**Data provided:**
_ _ _ _

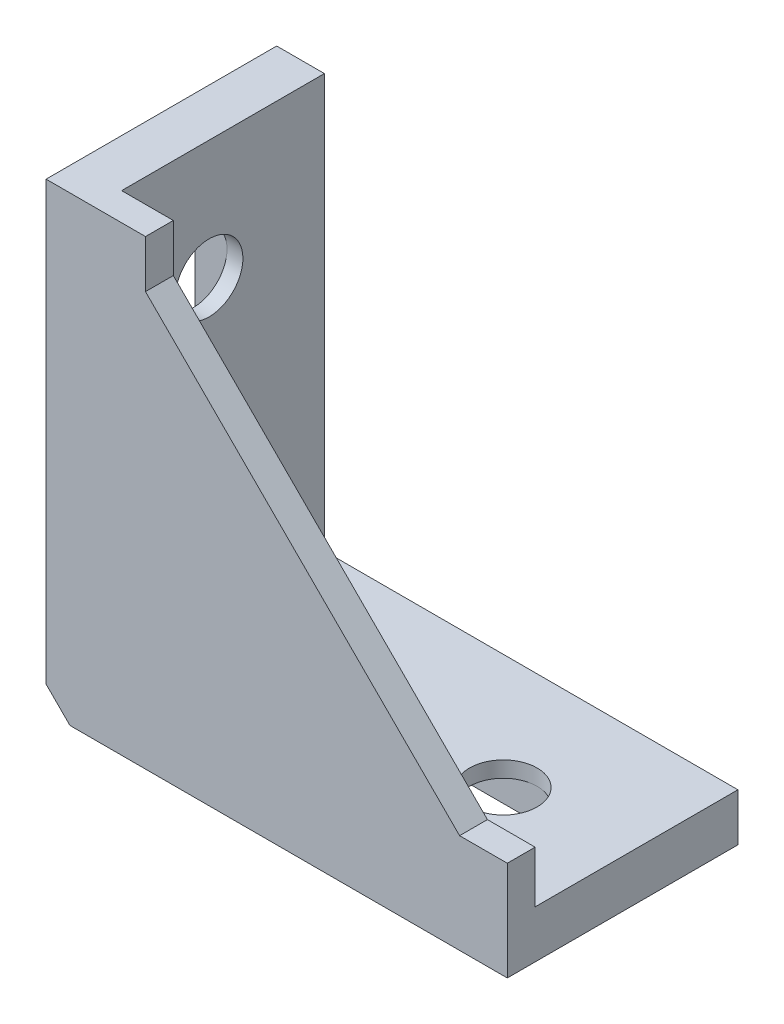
ISO-10303-21;
HEADER;
FILE_DESCRIPTION(('STEP AP214'),'2;1');
FILE_NAME('part.step','',(''),(''),'','','');
FILE_SCHEMA(('AUTOMOTIVE_DESIGN { 1 0 10303 214 1 1 1 1 }'));
ENDSEC;
DATA;
#1=APPLICATION_CONTEXT('core data for automotive mechanical design processes');
#2=APPLICATION_PROTOCOL_DEFINITION('international standard','automotive_design',2000,#1);
#3=PRODUCT_CONTEXT('',#1,'mechanical');
#4=PRODUCT('Part','Part','',(#3));
#5=PRODUCT_RELATED_PRODUCT_CATEGORY('part','',(#4));
#6=PRODUCT_DEFINITION_FORMATION('','',#4);
#7=PRODUCT_DEFINITION_CONTEXT('part definition',#1,'design');
#8=PRODUCT_DEFINITION('design','',#6,#7);
#9=PRODUCT_DEFINITION_SHAPE('','',#8);
#10=(LENGTH_UNIT() NAMED_UNIT(*) SI_UNIT(.MILLI.,.METRE.));
#11=(NAMED_UNIT(*) PLANE_ANGLE_UNIT() SI_UNIT($,.RADIAN.));
#12=(NAMED_UNIT(*) SI_UNIT($,.STERADIAN.) SOLID_ANGLE_UNIT());
#13=UNCERTAINTY_MEASURE_WITH_UNIT(LENGTH_MEASURE(1.E-05),#10,'distance_accuracy_value','');
#14=(GEOMETRIC_REPRESENTATION_CONTEXT(3) GLOBAL_UNCERTAINTY_ASSIGNED_CONTEXT((#13)) GLOBAL_UNIT_ASSIGNED_CONTEXT((#10,
#11,#12)) REPRESENTATION_CONTEXT('',''));
#15=CARTESIAN_POINT('',(0.,0.,0.));
#16=DIRECTION('',(0.,0.,1.));
#17=DIRECTION('',(1.,0.,0.));
#18=AXIS2_PLACEMENT_3D('',#15,#16,#17);
#19=CARTESIAN_POINT('',(-42.3884242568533,-0.51625172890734,29.));
#20=DIRECTION('',(1.,0.,0.));
#21=DIRECTION('',(0.,0.,-1.));
#22=AXIS2_PLACEMENT_3D('',#19,#20,#21);
#23=PLANE('',#22);
#24=DIRECTION('',(0.,1.,0.));
#25=VECTOR('',#24,1.);
#26=CARTESIAN_POINT('',(-42.3884242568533,-22.0960017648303,21.5));
#27=LINE('',#26,#25);
#28=CARTESIAN_POINT('',(-42.3884242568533,5.88069288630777,21.5));
#29=VERTEX_POINT('',#28);
#30=CARTESIAN_POINT('',(-42.3884242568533,53.6601801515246,21.5));
#31=VERTEX_POINT('',#30);
#32=EDGE_CURVE('E593',#29,#31,#27,.T.);
#33=ORIENTED_EDGE('',*,*,#32,.T.);
#34=DIRECTION('',(0.,0.,1.));
#35=VECTOR('',#34,1.);
#36=CARTESIAN_POINT('',(-42.3884242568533,53.6601801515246,14.5));
#37=LINE('',#36,#35);
#38=CARTESIAN_POINT('',(-42.3884242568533,53.6601801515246,25.5));
#39=VERTEX_POINT('',#38);
#40=EDGE_CURVE('E586',#31,#39,#37,.T.);
#41=ORIENTED_EDGE('',*,*,#40,.T.);
#42=DIRECTION('',(0.,-1.,0.));
#43=VECTOR('',#42,1.);
#44=CARTESIAN_POINT('',(-42.3884242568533,-22.0960017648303,25.5));
#45=LINE('',#44,#43);
#46=CARTESIAN_POINT('',(-42.3884242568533,5.88069288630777,25.5));
#47=VERTEX_POINT('',#46);
#48=EDGE_CURVE('E599',#39,#47,#45,.T.);
#49=ORIENTED_EDGE('',*,*,#48,.T.);
#50=DIRECTION('',(0.,0.,-1.));
#51=VECTOR('',#50,1.);
#52=CARTESIAN_POINT('',(-42.3884242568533,5.88069288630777,14.5));
#53=LINE('',#52,#51);
#54=EDGE_CURVE('E596',#47,#29,#53,.T.);
#55=ORIENTED_EDGE('',*,*,#54,.T.);
#56=EDGE_LOOP('',(#33,#41,#49,#55));
#57=FACE_BOUND('',#56,.T.);
#58=DIRECTION('',(0.,-1.,0.));
#59=VECTOR('',#58,1.);
#60=CARTESIAN_POINT('',(-42.3884242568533,-0.51625172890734,0.));
#61=LINE('',#60,#59);
#62=CARTESIAN_POINT('',(-42.3884242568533,57.4837482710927,0.));
#63=VERTEX_POINT('',#62);
#64=CARTESIAN_POINT('',(-42.3884242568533,2.48374827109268,0.));
#65=VERTEX_POINT('',#64);
#66=EDGE_CURVE('E735',#63,#65,#61,.T.);
#67=ORIENTED_EDGE('',*,*,#66,.T.);
#68=DIRECTION('',(0.,0.,1.));
#69=VECTOR('',#68,1.);
#70=CARTESIAN_POINT('',(-42.3884242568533,2.48374827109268,29.));
#71=LINE('',#70,#69);
#72=CARTESIAN_POINT('',(-42.3884242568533,2.48374827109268,29.));
#73=VERTEX_POINT('',#72);
#74=EDGE_CURVE('E67',#65,#73,#71,.T.);
#75=ORIENTED_EDGE('',*,*,#74,.T.);
#76=DIRECTION('',(0.,-1.,0.));
#77=VECTOR('',#76,1.);
#78=CARTESIAN_POINT('',(-42.3884242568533,-0.51625172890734,29.));
#79=LINE('',#78,#77);
#80=CARTESIAN_POINT('',(-42.3884242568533,57.4837482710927,29.));
#81=VERTEX_POINT('',#80);
#82=EDGE_CURVE('E742',#81,#73,#79,.T.);
#83=ORIENTED_EDGE('',*,*,#82,.F.);
#84=DIRECTION('',(0.,0.,-1.));
#85=VECTOR('',#84,1.);
#86=CARTESIAN_POINT('',(-42.3884242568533,57.4837482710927,29.));
#87=LINE('',#86,#85);
#88=EDGE_CURVE('E751',#81,#63,#87,.T.);
#89=ORIENTED_EDGE('',*,*,#88,.T.);
#90=EDGE_LOOP('',(#67,#75,#83,#89));
#91=FACE_BOUND('',#90,.T.);
#92=DIRECTION('',(0.,1.,0.));
#93=VECTOR('',#92,1.);
#94=CARTESIAN_POINT('',(-42.3884242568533,-22.0960017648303,3.5));
#95=LINE('',#94,#93);
#96=CARTESIAN_POINT('',(-42.3884242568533,6.48374827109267,3.5));
#97=VERTEX_POINT('',#96);
#98=CARTESIAN_POINT('',(-42.3884242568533,53.6601801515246,3.5));
#99=VERTEX_POINT('',#98);
#100=EDGE_CURVE('E640',#97,#99,#95,.T.);
#101=ORIENTED_EDGE('',*,*,#100,.T.);
#102=DIRECTION('',(0.,0.,1.));
#103=VECTOR('',#102,1.);
#104=CARTESIAN_POINT('',(-42.3884242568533,53.6601801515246,14.5));
#105=LINE('',#104,#103);
#106=CARTESIAN_POINT('',(-42.3884242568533,53.6601801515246,8.5));
#107=VERTEX_POINT('',#106);
#108=EDGE_CURVE('E645',#99,#107,#105,.T.);
#109=ORIENTED_EDGE('',*,*,#108,.T.);
#110=DIRECTION('',(0.,-1.,0.));
#111=VECTOR('',#110,1.);
#112=CARTESIAN_POINT('',(-42.3884242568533,-22.0960017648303,8.50000000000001));
#113=LINE('',#112,#111);
#114=CARTESIAN_POINT('',(-42.3884242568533,6.48374827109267,8.50000000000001));
#115=VERTEX_POINT('',#114);
#116=EDGE_CURVE('E657',#107,#115,#113,.T.);
#117=ORIENTED_EDGE('',*,*,#116,.T.);
#118=DIRECTION('',(0.,0.,-1.));
#119=VECTOR('',#118,1.);
#120=CARTESIAN_POINT('',(-42.3884242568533,6.48374827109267,14.5));
#121=LINE('',#120,#119);
#122=EDGE_CURVE('E654',#115,#97,#121,.T.);
#123=ORIENTED_EDGE('',*,*,#122,.T.);
#124=EDGE_LOOP('',(#101,#109,#117,#123));
#125=FACE_BOUND('',#124,.T.);
#126=DIRECTION('',(0.,0.,1.));
#127=VECTOR('',#126,1.);
#128=CARTESIAN_POINT('',(-42.3884242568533,50.4837482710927,12.));
#129=LINE('',#128,#127);
#130=CARTESIAN_POINT('',(-42.3884242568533,50.4837482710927,18.75));
#131=VERTEX_POINT('',#130);
#132=CARTESIAN_POINT('',(-42.3884242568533,50.4837482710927,19.));
#133=VERTEX_POINT('',#132);
#134=EDGE_CURVE('E515',#131,#133,#129,.T.);
#135=ORIENTED_EDGE('',*,*,#134,.F.);
#136=DIRECTION('',(0.,-1.,0.));
#137=VECTOR('',#136,1.);
#138=CARTESIAN_POINT('',(-42.3884242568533,-22.0960017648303,18.75));
#139=LINE('',#138,#137);
#140=CARTESIAN_POINT('',(-42.3884242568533,6.48374827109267,18.75));
#141=VERTEX_POINT('',#140);
#142=EDGE_CURVE('E674',#131,#141,#139,.T.);
#143=ORIENTED_EDGE('',*,*,#142,.T.);
#144=DIRECTION('',(0.,0.,-1.));
#145=VECTOR('',#144,1.);
#146=CARTESIAN_POINT('',(-42.3884242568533,6.48374827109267,19.));
#147=LINE('',#146,#145);
#148=CARTESIAN_POINT('',(-42.3884242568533,6.48374827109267,19.));
#149=VERTEX_POINT('',#148);
#150=EDGE_CURVE('E1184',#149,#141,#147,.T.);
#151=ORIENTED_EDGE('',*,*,#150,.F.);
#152=DIRECTION('',(0.,1.,0.));
#153=VECTOR('',#152,1.);
#154=CARTESIAN_POINT('',(-42.3884242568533,4.48374827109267,19.));
#155=LINE('',#154,#153);
#156=CARTESIAN_POINT('',(-42.3884242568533,4.48374827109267,19.));
#157=VERTEX_POINT('',#156);
#158=EDGE_CURVE('E1198',#157,#149,#155,.T.);
#159=ORIENTED_EDGE('',*,*,#158,.F.);
#160=DIRECTION('',(0.,0.,1.));
#161=VECTOR('',#160,1.);
#162=CARTESIAN_POINT('',(-42.3884242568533,4.48374827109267,12.));
#163=LINE('',#162,#161);
#164=CARTESIAN_POINT('',(-42.3884242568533,4.48374827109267,12.));
#165=VERTEX_POINT('',#164);
#166=EDGE_CURVE('E1205',#165,#157,#163,.T.);
#167=ORIENTED_EDGE('',*,*,#166,.F.);
#168=DIRECTION('',(0.,-1.,0.));
#169=VECTOR('',#168,1.);
#170=CARTESIAN_POINT('',(-42.3884242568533,6.48374827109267,12.));
#171=LINE('',#170,#169);
#172=CARTESIAN_POINT('',(-42.3884242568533,6.48374827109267,12.));
#173=VERTEX_POINT('',#172);
#174=EDGE_CURVE('E1188',#173,#165,#171,.T.);
#175=ORIENTED_EDGE('',*,*,#174,.F.);
#176=DIRECTION('',(0.,0.,-1.));
#177=VECTOR('',#176,1.);
#178=CARTESIAN_POINT('',(-42.3884242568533,6.48374827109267,14.5));
#179=LINE('',#178,#177);
#180=CARTESIAN_POINT('',(-42.3884242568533,6.48374827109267,10.25));
#181=VERTEX_POINT('',#180);
#182=EDGE_CURVE('E566',#173,#181,#179,.T.);
#183=ORIENTED_EDGE('',*,*,#182,.T.);
#184=DIRECTION('',(0.,-1.,0.));
#185=VECTOR('',#184,1.);
#186=CARTESIAN_POINT('',(-42.3884242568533,-22.0960017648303,10.25));
#187=LINE('',#186,#185);
#188=CARTESIAN_POINT('',(-42.3884242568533,50.4837482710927,10.25));
#189=VERTEX_POINT('',#188);
#190=EDGE_CURVE('E665',#189,#181,#187,.T.);
#191=ORIENTED_EDGE('',*,*,#190,.F.);
#192=DIRECTION('',(0.,0.,1.));
#193=VECTOR('',#192,1.);
#194=CARTESIAN_POINT('',(-42.3884242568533,50.4837482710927,14.5));
#195=LINE('',#194,#193);
#196=CARTESIAN_POINT('',(-42.3884242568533,50.4837482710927,12.));
#197=VERTEX_POINT('',#196);
#198=EDGE_CURVE('E620',#189,#197,#195,.T.);
#199=ORIENTED_EDGE('',*,*,#198,.T.);
#200=DIRECTION('',(0.,-1.,0.));
#201=VECTOR('',#200,1.);
#202=CARTESIAN_POINT('',(-42.3884242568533,52.4837482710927,12.));
#203=LINE('',#202,#201);
#204=CARTESIAN_POINT('',(-42.3884242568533,52.4837482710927,12.));
#205=VERTEX_POINT('',#204);
#206=EDGE_CURVE('E1288',#205,#197,#203,.T.);
#207=ORIENTED_EDGE('',*,*,#206,.F.);
#208=DIRECTION('',(0.,0.,-1.));
#209=VECTOR('',#208,1.);
#210=CARTESIAN_POINT('',(-42.3884242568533,52.4837482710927,19.));
#211=LINE('',#210,#209);
#212=CARTESIAN_POINT('',(-42.3884242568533,52.4837482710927,19.));
#213=VERTEX_POINT('',#212);
#214=EDGE_CURVE('E1295',#213,#205,#211,.T.);
#215=ORIENTED_EDGE('',*,*,#214,.F.);
#216=DIRECTION('',(0.,1.,0.));
#217=VECTOR('',#216,1.);
#218=CARTESIAN_POINT('',(-42.3884242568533,50.4837482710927,19.));
#219=LINE('',#218,#217);
#220=EDGE_CURVE('E1177',#133,#213,#219,.T.);
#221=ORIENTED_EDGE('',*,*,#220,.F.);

_ _ _ _

**Problem description:**
Give exactly those lines of the listing that run from its first line through the line with "#7=PRODUCT_DEFINITION_CONTEXT('part definition',#1,'design');", leaving each picture out.

**Completed exercise:**
ISO-10303-21;
HEADER;
FILE_DESCRIPTION(('STEP AP214'),'2;1');
FILE_NAME('part.step','',(''),(''),'','','');
FILE_SCHEMA(('AUTOMOTIVE_DESIGN { 1 0 10303 214 1 1 1 1 }'));
ENDSEC;
DATA;
#1=APPLICATION_CONTEXT('core data for automotive mechanical design processes');
#2=APPLICATION_PROTOCOL_DEFINITION('international standard','automotive_design',2000,#1);
#3=PRODUCT_CONTEXT('',#1,'mechanical');
#4=PRODUCT('Part','Part','',(#3));
#5=PRODUCT_RELATED_PRODUCT_CATEGORY('part','',(#4));
#6=PRODUCT_DEFINITION_FORMATION('','',#4);
#7=PRODUCT_DEFINITION_CONTEXT('part definition',#1,'design');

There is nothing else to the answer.